The consumer API is centered around the ``rd_kafka_consumer_poll`` method, which is
used to retrieve records from the brokers. The ``rd_kafka_subscribe`` method
controls which topics will be fetched in poll. Typically, consumer
usage involves an initial call to ``rd_kafka_subscribe`` to set up the topics
of interest and then a loop that calls ``rd_kafka_consumer_poll`` until the
application is shut down.

.. literalinclude:: consumer-detailed-example.c
   :language: c

The poll timeout is hard-coded to 500 milliseconds. If no records
are received before this timeout expires, then ``rd_kafka_consumer_poll`` will return
an empty record set.

You should always call ``rd_kafka_consumer_close`` after you are finished
using the consumer. Doing so will ensure that active sockets are
closed and internal state is cleaned up. It will also trigger a group
rebalance immediately, which ensures that any partitions owned by the
consumer are re-assigned to another member in the group. If not closed
properly, the broker will trigger the rebalance only after the session
timeout has expired. A latch is added to this example to ensure
that the consumer has time to finish closing before finishing
shut down.

Synchronous commits
^^^^^^^^^^^^^^^^^^^

The simplest and most
reliable way to manually commit offsets is using ``rd_kafka_commit``
for both synchronous and asynchronous commits. When committing, it's
important to keep in mind that ``rd_kafka_consumer_poll`` returns
single messages instead of batches.

.. literalinclude:: consumer-synchronous-commits-1.c
   :language: c

In this example, a synchronous commit is triggered every 1000
messages. The second argument to ``rd_kafka_commit`` is the list of
offsets to be committed; if set to ``NULL``, librdkafka will commit
the latest offsets for the assigned positions. The third argument in
``rd_kafka_commit`` is a flag which controls whether this call is
asynchronous. You could also trigger the commit on expiration of a
timeout to ensure there the committed position is updated regularly.

Delivery guarantees
^^^^^^^^^^^^^^^^^^^

In the previous example, you get "at least once"
delivery because the commit follows the message processing. By changing the order,
however, you can get "at most once" delivery, but you must be a
little careful with the commit failure.

.. literalinclude:: consumer-synchronous-commits-2.c
   :language: c

For simplicity in this example, ``rd_kafka_commit_message`` is used
prior to processing the message.
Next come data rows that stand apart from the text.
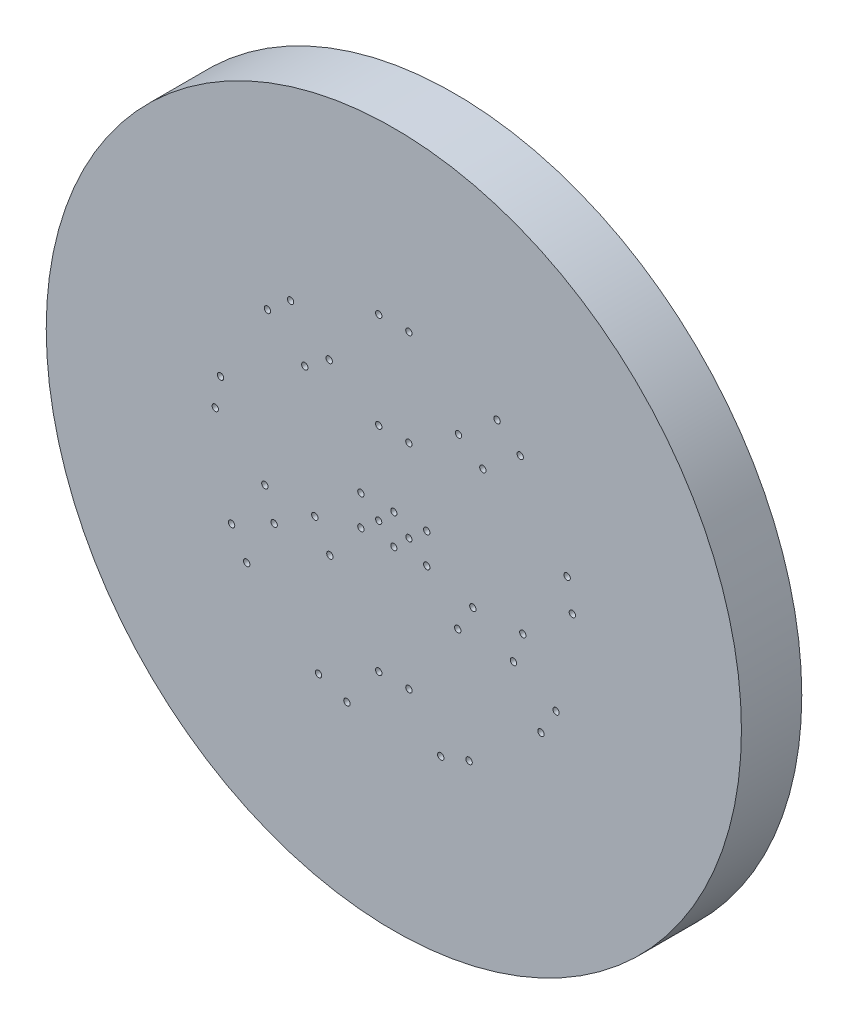
SolidWorks part; units mm, degrees
material "Nichel"
ref_plane "Piano frontale" through (0, 0, 0) normal (0, 0, 1) x (1, 0, 0)
ref_plane "Piano superiore" through (0, 0, 0) normal (0, 1, 0) x (1, 0, 0)
ref_plane "Piano destro" through (0, 0, 0) normal (1, 0, 0) x (0, 0, -1)
sketch "Schizzo1" plane through (0, 0, 0) normal (0, 0, 1) x (1, 0, 0)
  circle A0 centre (0, 0) radius 28.8
  dimension "D1" = 57.6
extrude "Estrusione-Estrusione1" add sketch "Schizzo1" along normal blind 5
sketch "Schizzo2" plane through (0, 0, 5) normal (0, 0, 1) x (1, 0, 0)
  line L0 (1.25, 14.7973) -> (-1.25, 14.7973) construction
  circle A0 centre (0, 0) radius 18.8 construction
  circle A1 centre (0, 0) radius 28.8 construction
  circle A2 centre (0, 0) radius 14.85 construction
  circle A3 centre (-1.25, 14.7973) radius 0.2635
  circle A4 centre (1.25, 14.7973) radius 0.2635
  dimension "D1" = 10
  dimension "D2" = 29.7
  dimension "D3" = 0.527
  dimension "D4" = 2.5
extrude "Taglio-Estrusione1" cut sketch "Schizzo2" against normal through all
pattern_circular "RipetizioneCircolare1" count 9 every 40 about axis through (0, -0.0025, 0) along (0, 0, 1) of "Taglio-Estrusione1"
sketch "Schizzo6" plane through (0, 0, 5) normal (0, 0, 1) x (1, 0, 0)
  line L1 (-1.25, -10.8281) -> (1.25, -10.8281) construction
  circle A0 centre (0, 0) radius 10.9 construction
  circle A3 centre (-1.25, -10.8281) radius 0.2635
  circle A4 centre (1.25, -10.8281) radius 0.2635
  dimension "D1" = 21.8
  dimension "D5" = 0.527
  dimension "D4" = 2.5
extrude "Taglio-Estrusione2" cut sketch "Schizzo6" against normal through all
pattern_circular "RipetizioneCircolare2" count 5 every 72 about axis through (0, 0.0018, 0) along (0, 0, 1) of "Taglio-Estrusione2"
sketch "Schizzo7" plane through (0, 0, 5) normal (0, 0, 1) x (1, 0, 0)
  line L0 (-1.25, 6.8367) -> (1.25, 6.8367) construction
  circle A0 centre (0, 0) radius 6.95 construction
  circle A1 centre (-1.25, 6.8367) radius 0.2635
  circle A2 centre (1.25, 6.8367) radius 0.2635
  dimension "D1" = 13.9
  dimension "D2" = 0.527
  dimension "D3" = 2.5
extrude "Taglio-Estrusione3" cut sketch "Schizzo7" against normal through all
pattern_circular "RipetizioneCircolare3" count 3 every 120 about axis through (0, -0.0011, 0) along (0, 0, 1) of "Taglio-Estrusione3"
sketch "Schizzo8" plane through (0, 0, 5) normal (0, 0, 1) x (1, 0, 0)
  line L1 (2.7272, -1.25) -> (2.7272, 1.25) construction
  circle A0 centre (0, 0) radius 3 construction
  circle A3 centre (2.7272, 1.25) radius 0.2635
  circle A4 centre (2.7272, -1.25) radius 0.2635
  dimension "D1" = 6
  dimension "D5" = 0.527
  dimension "D4" = 2.5
extrude "Taglio-Estrusione4" cut sketch "Schizzo8" against normal through all
pattern_circular "RipetizioneCircolare4" count 2 every 180 about axis through (-0.0005, 0, 0) along (0, 0, 1) of "Taglio-Estrusione4"
sketch "Schizzo9" plane through (0, 0, 5) normal (0, 0, 1) x (1, 0, 0)
  line L0 (-1.25, 0) -> (1.25, 0) construction
  line L2 (0, 1.25) -> (0, -1.25) construction
  circle A0 centre (0, 0) radius 1.25 construction
  circle A1 centre (-1.25, 0) radius 0.2545
  circle A2 centre (1.25, 0) radius 0.2545
  circle A3 centre (0, -1.25) radius 0.2545
  circle A4 centre (0, 1.25) radius 0.2545
  dimension "D1" = 2.5
  dimension "D4" = 0.509
  dimension "D2" = 2.5
  dimension "D3" = 2.5
extrude "Taglio-Estrusione5" cut sketch "Schizzo9" against normal through all

Committing on every message would
produce a lot of overhead in practice. A better approach would be to
collect a batch of messages, execute the synchronous commit, and then
process the messages only if the commit succeeded.

Asynchronous Commits
^^^^^^^^^^^^^^^^^^^^

.. literalinclude:: consumer-asynchronous-commits-1.c
   :language: c

In this example, the consumer sends the request and returns
immediately by using asynchronous commits. This is achieved by enabling asynchronous
commit in the call to ``rd_kafka_commit``.

The API gives you a callback that is invoked
when the commit either succeeds or fails.
In librdkafka, this is configured on initialization:

.. literalinclude:: consumer-asynchronous-commits-2.c
   :language: c